» **What the task asks**: Among the lines below, count those with "linetype". Give only the number.

(Data items)
§

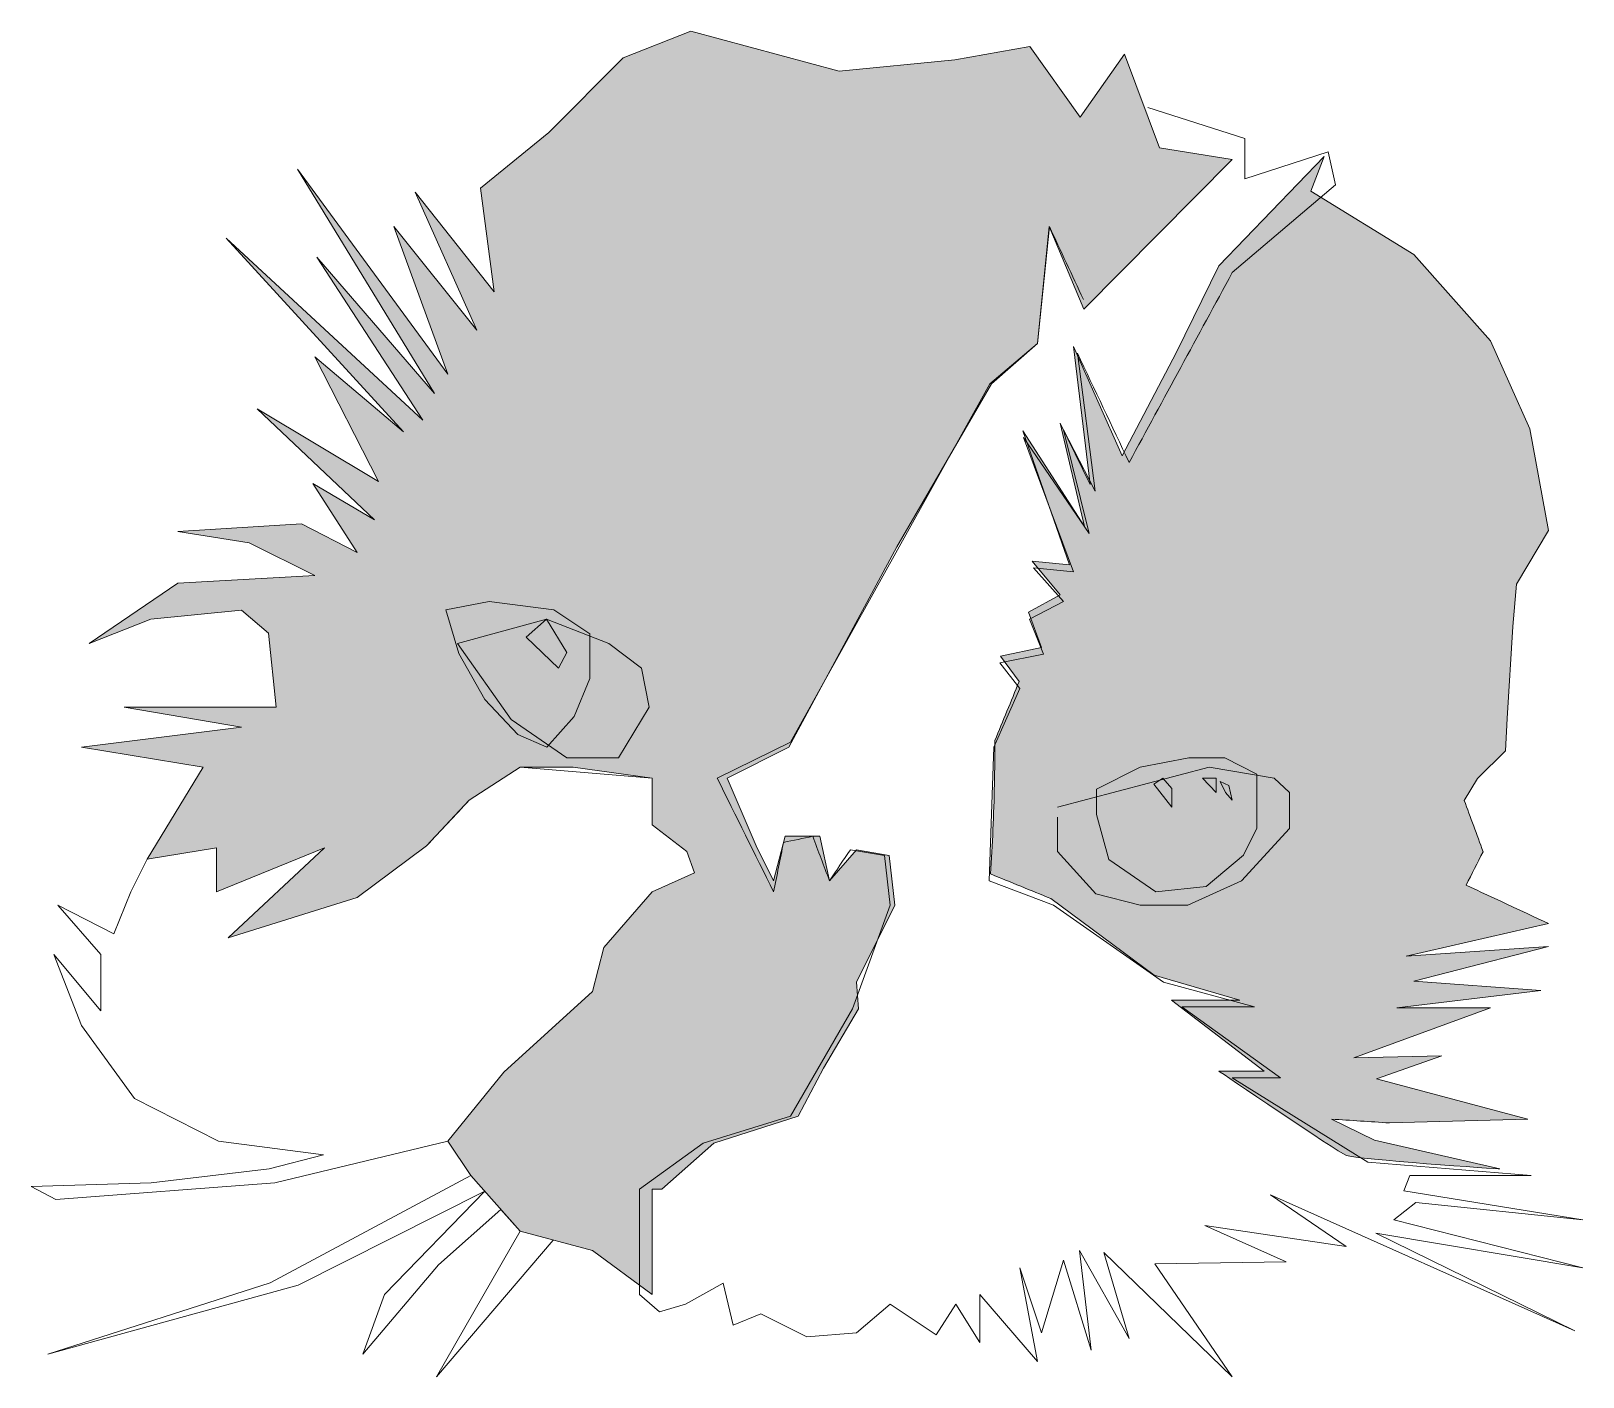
# Model space of a CAD drawing. Header units: centimetres. Extents: x 11.66 to 19.27, y -8.23 to -1.63.
import ezdxf

# ---------------------------------------------------------------- set-up
doc = ezdxf.new("R2010")
doc.units = ezdxf.units.CM
doc.header["$MEASUREMENT"] = 0
for name, color, linetype, lineweight in [('Camada 1', 7, 'Continuous', 0), ('Camada 2', 7, 'Continuous', 0), ('Camada 3', 7, 'Continuous', 0), ('Camada 4', 7, 'Continuous', 0)]:
    doc.layers.add(name, color=color, linetype=linetype, lineweight=lineweight)

msp = doc.modelspace()

# ---------------------------------------------------------------- hatches: boundary and pattern name
at = {"layer": 'Camada 3', "true_color": 0x1d1d1b, "transparency": 33554687}
h = msp.add_hatch(color=250, dxfattribs=at)
h.dxf.hatch_style = 2
h.paths.add_polyline_path([(14.1873, -5.145), (14.3214, -4.994), (14.399, -4.8086), (14.399, -4.5888), (14.2226, -4.4721), (13.905, -4.4309), (13.6932, -4.4721), (13.7567, -4.685), (13.8838, -4.9116), (14.0461, -5.0832)])
h = msp.add_hatch(color=250, dxfattribs=at)
h.dxf.hatch_style = 2
h.paths.add_polyline_path([(16.8836, -5.3517), (16.8836, -5.4759), (16.9436, -5.6953), (17.1752, -5.8548), (17.4221, -5.8282), (17.6039, -5.6753), (17.6706, -5.5424), (17.6706, -5.4251), (17.6706, -5.2783), (17.5131, -5.1967), (17.3371, -5.1967), (17.097, -5.2433)])
at = {"layer": 'Camada 4', "true_color": 0x1d1d1b, "transparency": 33554687}
h = msp.add_hatch(color=250, dxfattribs=at)
h.dxf.hatch_style = 2
edge = h.paths.add_edge_path()
edge.add_spline(control_points=[(17.549, -2.263), (17.549, -2.263), (16.8216, -2.9965), (16.8216, -2.9965), (16.8216, -2.9965), (16.6515, -2.5921), (16.6515, -2.5921), (16.6515, -2.5921), (16.5948, -3.1657), (16.5948, -3.1657), (16.5948, -3.1657), (16.3679, -3.3632), (16.3679, -3.3632), (16.3679, -3.3632), (15.9048, -4.1624), (15.9048, -4.1624), (15.9048, -4.1624), (15.3755, -5.145), (15.3755, -5.145), (15.3755, -5.145), (15.073, -5.297), (15.073, -5.297), (15.073, -5.297), (15.2148, -5.6293), (15.2148, -5.6293), (15.2148, -5.6293), (15.2999, -5.7999), (15.2999, -5.7999), (15.2999, -5.7999), (15.3566, -5.5823), (15.3566, -5.5823), (15.3566, -5.5823), (15.5267, -5.5823), (15.5267, -5.5823), (15.5267, -5.5823), (15.574, -5.7999), (15.574, -5.7999), (15.574, -5.7999), (15.7063, -5.6481), (15.7063, -5.6481), (15.7063, -5.6481), (15.867, -5.6763), (15.867, -5.6763), (15.867, -5.6763), (15.8954, -5.9208), (15.8954, -5.9208), (15.8954, -5.9208), (15.7063, -6.2969), (15.7063, -6.2969), (15.7063, -6.2969), (15.7158, -6.4285), (15.7158, -6.4285), (15.7158, -6.4285), (15.5456, -6.72), (15.5456, -6.72), (15.5456, -6.72), (15.4212, -6.9551), (15.4212, -6.9551), (15.4212, -6.9551), (15.0069, -7.0867), (15.0069, -7.0867), (15.0069, -7.0867), (14.7517, -7.3124), (14.7517, -7.3124), (14.7517, -7.3124), (14.7044, -7.3124), (14.7044, -7.3124), (14.7044, -7.3124), (14.7044, -7.6321), (14.7044, -7.6321), (14.7044, -7.6321), (14.7044, -7.8295), (14.7044, -7.8295), (14.7044, -7.8295), (14.412, -7.6133), (14.412, -7.6133), (14.412, -7.6133), (14.0573, -7.5193), (14.0573, -7.5193), (14.0573, -7.5193), (13.8159, -7.2466), (13.8159, -7.2466), (13.8159, -7.2466), (13.7025, -7.0773), (13.7025, -7.0773), (13.7025, -7.0773), (13.9766, -6.7388), (13.9766, -6.7388), (13.9766, -6.7388), (14.412, -6.3439), (14.412, -6.3439), (14.412, -6.3439), (14.4681, -6.1276), (14.4681, -6.1276), (14.4681, -6.1276), (14.7044, -5.8548), (14.7044, -5.8548), (14.7044, -5.8548), (14.9124, -5.7609), (14.9124, -5.7609), (14.9124, -5.7609), (14.8745, -5.6575), (14.8745, -5.6575), (14.8745, -5.6575), (14.7044, -5.5258), (14.7044, -5.5258), (14.7044, -5.5258), (14.7044, -5.297), (14.7044, -5.297), (14.7044, -5.297), (14.3169, -5.2438), (14.3169, -5.2438), (14.3169, -5.2438), (14.0573, -5.2438), (14.0573, -5.2438), (14.0573, -5.2438), (13.8065, -5.4056), (13.8065, -5.4056), (13.7372, -5.4802), (13.6679, -5.5547), (13.5985, -5.6293), (13.5985, -5.6293), (13.5985, -5.6293), (13.5985, -5.6293), (13.5985, -5.6293), (13.2583, -5.8831), (13.2583, -5.8831), (13.2583, -5.8831), (12.625, -6.0806), (12.625, -6.0806), (12.625, -6.0806), (13.0976, -5.6387), (13.0976, -5.6387), (13.0976, -5.6387), (12.5683, -5.8548), (12.5683, -5.8548), (12.5683, -5.8548), (12.5683, -5.6387), (12.5683, -5.6387), (12.5683, -5.6387), (12.228, -5.6951), (12.228, -5.6951), (12.228, -5.6951), (12.5021, -5.2438), (12.5021, -5.2438), (12.5021, -5.2438), (11.9067, -5.145), (11.9067, -5.145), (11.9067, -5.145), (12.6912, -5.0463), (12.6912, -5.0463), (12.6912, -5.0463), (12.1146, -4.9491), (12.1146, -4.9491), (12.1146, -4.9491), (12.8613, -4.9491), (12.8613, -4.9491), (12.8613, -4.9491), (12.8235, -4.5855), (12.8235, -4.5855), (12.8235, -4.5855), (12.6912, -4.4727), (12.6912, -4.4727), (12.6912, -4.4727), (12.2469, -4.5167), (12.2469, -4.5167), (12.2469, -4.5167), (11.9445, -4.6369), (11.9445, -4.6369), (11.9445, -4.6369), (12.3793, -4.3411), (12.3793, -4.3411), (12.3793, -4.3411), (13.0503, -4.3035), (13.0503, -4.3035), (13.0503, -4.3035), (12.729, -4.1436), (12.729, -4.1436), (12.729, -4.1436), (12.3793, -4.0872), (12.3793, -4.0872), (12.3793, -4.0872), (12.9842, -4.0496), (12.9842, -4.0496), (12.9842, -4.0496), (13.2583, -4.1906), (13.2583, -4.1906), (13.2583, -4.1906), (13.0409, -3.8521), (13.0409, -3.8521), (13.0409, -3.8521), (13.3433, -4.0308), (13.3433, -4.0308), (13.3433, -4.0308), (12.7668, -3.4854), (12.7668, -3.4854), (12.7668, -3.4854), (13.3622, -3.8427), (13.3622, -3.8427), (13.3622, -3.8427), (13.0503, -3.2315), (13.0503, -3.2315), (13.0503, -3.2315), (13.4851, -3.5982), (13.4851, -3.5982), (13.4851, -3.5982), (12.6156, -2.6486), (12.6156, -2.6486), (12.6156, -2.6486), (13.5796, -3.5418), (13.5796, -3.5418), (13.5796, -3.5418), (13.0598, -2.7426), (13.0598, -2.7426), (13.0598, -2.7426), (13.6364, -3.4102), (13.6364, -3.4102), (13.6364, -3.4102), (12.9653, -2.31), (12.9653, -2.31), (12.9653, -2.31), (13.7025, -3.3162), (13.7025, -3.3162), (13.7025, -3.3162), (13.4379, -2.5921), (13.4379, -2.5921), (13.4379, -2.5921), (13.8443, -3.0999), (13.8443, -3.0999), (13.8443, -3.0999), (13.5418, -2.4229), (13.5418, -2.4229), (13.5418, -2.4229), (13.9294, -2.9118), (13.9294, -2.9118), (13.9294, -2.9118), (13.8632, -2.4041), (13.8632, -2.4041), (13.8632, -2.4041), (14.1981, -2.1314), (14.1981, -2.1314), (14.1981, -2.1314), (14.5626, -1.7647), (14.5626, -1.7647), (14.5626, -1.7647), (14.8935, -1.633), (14.8935, -1.633), (14.8935, -1.633), (15.6212, -1.8305), (15.6212, -1.8305), (15.6212, -1.8305), (16.1884, -1.7741), (16.1884, -1.7741), (16.1884, -1.7741), (16.557, -1.7083), (16.557, -1.7083), (16.557, -1.7083), (16.8027, -2.0562), (16.8027, -2.0562), (16.8027, -2.0562), (17.0201, -1.7459), (17.0201, -1.7459), (17.0201, -1.7459), (17.1921, -2.2066), (17.1921, -2.2066), (17.1921, -2.2066), (17.549, -2.263), (17.549, -2.263)], knot_values=[0, 0, 0, 0, 1, 1, 1, 2, 2, 2, 3, 3, 3, 4, 4, 4, 5, 5, 5, 6, 6, 6, 7, 7, 7, 8, 8, 8, 9, 9, 9, 10, 10, 10, 11, 11, 11, 12, 12, 12, 13, 13, 13, 14, 14, 14, 15, 15, 15, 16, 16, 16, 17, 17, 17, 18, 18, 18, 19, 19, 19, 20, 20, 20, 21, 21, 21, 22, 22, 22, 23, 23, 23, 24, 24, 24, 25, 25, 25, 26, 26, 26, 27, 27, 27, 28, 28, 28, 29, 29, 29, 30, 30, 30, 31, 31, 31, 32, 32, 32, 33, 33, 33, 34, 34, 34, 35, 35, 35, 36, 36, 36, 37, 37, 37, 38, 38, 38, 39, 39, 39, 40, 40, 40, 41, 41, 41, 42, 42, 42, 43, 43, 43, 44, 44, 44, 45, 45, 45, 46, 46, 46, 47, 47, 47, 48, 48, 48, 49, 49, 49, 50, 50, 50, 51, 51, 51, 52, 52, 52, 53, 53, 53, 54, 54, 54, 55, 55, 55, 56, 56, 56, 57, 57, 57, 58, 58, 58, 59, 59, 59, 60, 60, 60, 61, 61, 61, 62, 62, 62, 63, 63, 63, 64, 64, 64, 65, 65, 65, 66, 66, 66, 67, 67, 67, 68, 68, 68, 69, 69, 69, 70, 70, 70, 71, 71, 71, 72, 72, 72, 73, 73, 73, 74, 74, 74, 75, 75, 75, 76, 76, 76, 77, 77, 77, 78, 78, 78, 79, 79, 79, 80, 80, 80, 81, 81, 81, 82, 82, 82, 83, 83, 83, 84, 84, 84, 85, 85, 85, 86, 86, 86, 87, 87, 87, 88, 88, 88, 89, 89, 89, 89], degree=3, periodic=0)
h = msp.add_hatch(color=250, dxfattribs=at)
h.dxf.hatch_style = 2
edge = h.paths.add_edge_path()
edge.add_spline(control_points=[(16.3759, -5.5493), (16.3726, -5.6231), (16.3685, -5.6957), (16.3636, -5.767), (16.4625, -5.8073), (16.5613, -5.8476), (16.6602, -5.8878), (16.6602, -5.8878), (17.1665, -6.264), (17.1665, -6.264), (17.1665, -6.264), (17.5865, -6.3862), (17.5865, -6.3862), (17.5865, -6.3862), (17.252, -6.3862), (17.252, -6.3862), (17.252, -6.3862), (17.7058, -6.7341), (17.7058, -6.7341), (17.7058, -6.7341), (17.4842, -6.7341), (17.4842, -6.7341), (17.4842, -6.7341), (18.0635, -7.129), (18.1093, -7.1478), (18.1552, -7.1666), (18.8614, -7.2137), (18.8614, -7.2137), (18.8614, -7.2137), (18.2469, -7.0726), (18.2469, -7.0726), (18.2469, -7.0726), (18.036, -6.9692), (18.036, -6.9692), (18.1307, -6.9755), (18.2255, -6.9817), (18.3203, -6.988), (18.3203, -6.988), (18.3203, -6.988), (18.3203, -6.988), (18.3203, -6.988), (18.999, -6.9692), (18.999, -6.9692), (18.999, -6.9692), (18.2561, -6.7717), (18.2561, -6.7717), (18.2561, -6.7717), (18.5771, -6.6589), (18.5771, -6.6589), (18.5771, -6.6589), (18.146, -6.6683), (18.146, -6.6683), (18.146, -6.6683), (18.8156, -6.4238), (18.8156, -6.4238), (18.8156, -6.4238), (18.357, -6.4238), (18.357, -6.4238), (18.357, -6.4238), (19.0632, -6.3392), (19.0632, -6.3392), (19.0632, -6.3392), (18.4395, -6.2932), (18.4395, -6.2932), (18.4395, -6.2932), (19.1004, -6.1229), (19.1004, -6.1229), (19.1004, -6.1229), (18.4028, -6.1699), (18.4028, -6.1699), (18.4028, -6.1699), (19.1004, -6.0101), (19.1004, -6.0101), (18.9657, -5.9474), (18.831, -5.8846), (18.6963, -5.8219), (18.7239, -5.7672), (18.7516, -5.7125), (18.7792, -5.6578), (18.7485, -5.5739), (18.7178, -5.49), (18.6872, -5.4061), (18.6872, -5.4061), (18.7514, -5.2996), (18.7514, -5.2996), (18.7514, -5.2996), (18.8889, -5.1638), (18.8889, -5.1638), (18.8889, -5.1638), (18.8981, -5.004), (18.8981, -5.004), (18.8981, -5.004), (18.9256, -4.5526), (18.9256, -4.5526), (18.9256, -4.5526), (18.944, -4.3458), (18.944, -4.3458), (18.944, -4.3458), (19.1004, -4.0825), (19.1004, -4.0825), (19.1004, -4.0825), (19.0082, -3.5841), (19.0082, -3.5841), (19.0082, -3.5841), (18.8156, -3.1516), (18.8156, -3.1516), (18.8156, -3.1516), (18.4395, -2.7285), (18.4395, -2.7285), (18.4395, -2.7285), (17.9351, -2.4182), (17.9351, -2.4182), (17.9351, -2.4182), (17.9993, -2.2489), (17.9993, -2.2489), (17.9993, -2.2489), (17.4842, -2.7849), (17.4842, -2.7849), (17.4842, -2.7849), (17.276, -3.208), (17.276, -3.208), (17.276, -3.208), (17.0087, -3.7158), (17.0087, -3.7158), (17.0087, -3.7158), (16.7702, -3.1798), (16.7702, -3.1798), (16.7702, -3.1798), (16.8528, -3.8568), (16.8528, -3.8568), (16.8528, -3.8568), (16.706, -3.5559), (16.706, -3.5559), (16.706, -3.5559), (16.8253, -4.0637), (16.8253, -4.0637), (16.8253, -4.0637), (16.5226, -3.5935), (16.5226, -3.5935), (16.5226, -3.5935), (16.7519, -4.2517), (16.7519, -4.2517), (16.7519, -4.2517), (16.5685, -4.2329), (16.5685, -4.2329), (16.5685, -4.2329), (16.706, -4.398), (16.706, -4.398), (16.706, -4.398), (16.5501, -4.4838), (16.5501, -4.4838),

§

» **Exercise result**: 2